[Source data]
====

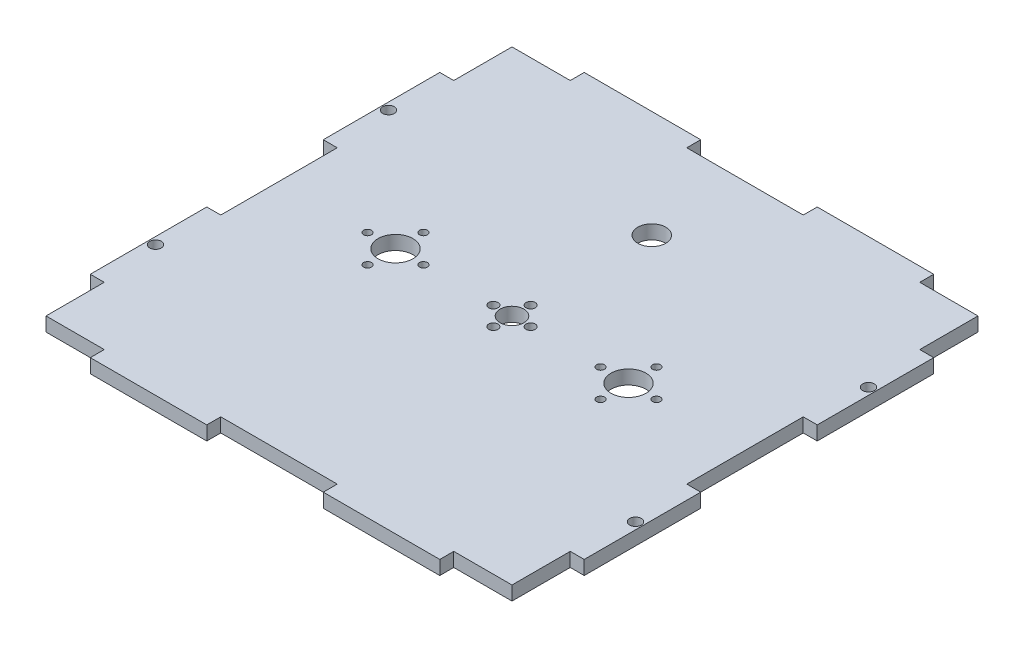
SolidWorks part; units mm, degrees
ref_plane "前视基准面" through (0, 0, 0) normal (0, 0, 1) x (1, 0, 0)
ref_plane "上视基准面" through (0, 0, 0) normal (0, 1, 0) x (1, 0, 0)
ref_plane "右视基准面" through (0, 0, 0) normal (1, 0, 0) x (0, 0, -1)
sketch "草图1" plane through (0, 0, 0) normal (0, 1, 0) x (1, 0, 0)
  line L0 (0, 200) -> (25, 200)
  line L1 (0, 0) -> (25, 0)
  line L2 (0, 0) -> (0, 25)
  line L3 (75, 200) -> (125, 200)
  line L4 (200, 0) -> (200, 25)
  line L5 (175, 200) -> (200, 200)
  line L6 (175, 200) -> (175, 206)
  line L7 (175, 206) -> (125, 206)
  line L8 (125, 206) -> (125, 200)
  line L9 (0, 175) -> (0, 200)
  line L10 (0, 75) -> (0, 125)
  line L11 (25, 200) -> (25, 206)
  line L12 (25, 206) -> (75, 206)
  line L13 (75, 206) -> (75, 200)
  line L14 (75, 0) -> (125, 0)
  line L15 (100, 100) -> (100, 160)
  line L16 (200, 25) -> (206, 25)
  line L17 (206, 25) -> (206, 75)
  line L18 (206, 75) -> (200, 75)
  line L19 (200, 100) -> (200, 125)
  line L20 (200, 75) -> (200, 125)
  line L21 (200, 175) -> (206, 175)
  line L22 (206, 175) -> (206, 125)
  line L23 (206, 125) -> (200, 125)
  line L24 (175, 0) -> (200, 0)
  line L25 (25, 0) -> (25, -6)
  line L26 (25, -6) -> (75, -6)
  line L27 (75, -6) -> (75, 0)
  line L28 (100, 0) -> (125, 0)
  line L29 (200, 175) -> (200, 200)
  line L30 (175, 0) -> (175, -6)
  line L31 (175, -6) -> (125, -6)
  line L32 (125, -6) -> (125, 0)
  line L33 (100, 100) -> (150, 100)
  line L34 (0, 175) -> (-6, 175)
  line L35 (-6, 175) -> (-6, 125)
  line L36 (-6, 125) -> (0, 125)
  line L37 (0, 100) -> (0, 75)
  line L39 (0, 25) -> (-6, 25)
  line L40 (-6, 25) -> (-6, 75)
  line L41 (-6, 75) -> (0, 75)
  circle A0 centre (100, 100) radius 5.1
  circle A1 centre (150, 112) radius 1.7
  circle A2 centre (100, 108) radius 2
  circle A3 centre (108, 100) radius 2
  circle A4 centre (100, 92) radius 2
  circle A5 centre (92, 100) radius 2
  circle A6 centre (50, 100) radius 7.5
  circle A7 centre (50, 112) radius 1.7
  circle A8 centre (62, 100) radius 1.7
  circle A9 centre (50, 88) radius 1.7
  circle A10 centre (38, 100) radius 1.7
  circle A11 centre (162, 100) radius 1.7
  circle A12 centre (138, 100) radius 1.7
  circle A13 centre (150, 88) radius 1.7
  circle A14 centre (150, 100) radius 7.5
  circle A15 centre (100, 160) radius 6
  circle A16 centre (-3, 150) radius 2.5
  circle A17 centre (203, 150) radius 2.5
  circle A18 centre (203, 50) radius 2.5
  circle A19 centre (-3, 50) radius 2.5
  point P46 (100, 100)
  point P66 (50, 100)
  point P74 (150, 100)
  dimension "D2" = 12
  dimension "D3" = 50
  dimension "D4" = 12
  dimension "D1" = 4
  dimension "D5" = 4
  dimension "D6" = 4
extrude "凸台-拉伸1" add sketch "草图1" along normal blind 6 contours L41 L40 L39 L2 L1 L25 L26 L27 L14 L32 L31 L30 L24 L4 L16 L17 L18 L20 L19 L23 L22 L21 L29 L5 L6 L7 L8 L3 L13 L12 L11 L0 L9 L34 L35 L36 L10

====

◆ WORK ORDER
Can you quote exactly the lines from the one containing "circle A1 centre (150, 112) radius 1.7" through the last line of the records above, and nothing else?

◆ RESPONSE AREA
  circle A1 centre (150, 112) radius 1.7
  circle A2 centre (100, 108) radius 2
  circle A3 centre (108, 100) radius 2
  circle A4 centre (100, 92) radius 2
  circle A5 centre (92, 100) radius 2
  circle A6 centre (50, 100) radius 7.5
  circle A7 centre (50, 112) radius 1.7
  circle A8 centre (62, 100) radius 1.7
  circle A9 centre (50, 88) radius 1.7
  circle A10 centre (38, 100) radius 1.7
  circle A11 centre (162, 100) radius 1.7
  circle A12 centre (138, 100) radius 1.7
  circle A13 centre (150, 88) radius 1.7
  circle A14 centre (150, 100) radius 7.5
  circle A15 centre (100, 160) radius 6
  circle A16 centre (-3, 150) radius 2.5
  circle A17 centre (203, 150) radius 2.5
  circle A18 centre (203, 50) radius 2.5
  circle A19 centre (-3, 50) radius 2.5
  point P46 (100, 100)
  point P66 (50, 100)
  point P74 (150, 100)
  dimension "D2" = 12
  dimension "D3" = 50
  dimension "D4" = 12
  dimension "D1" = 4
  dimension "D5" = 4
  dimension "D6" = 4
extrude "凸台-拉伸1" add sketch "草图1" along normal blind 6 contours L41 L40 L39 L2 L1 L25 L26 L27 L14 L32 L31 L30 L24 L4 L16 L17 L18 L20 L19 L23 L22 L21 L29 L5 L6 L7 L8 L3 L13 L12 L11 L0 L9 L34 L35 L36 L10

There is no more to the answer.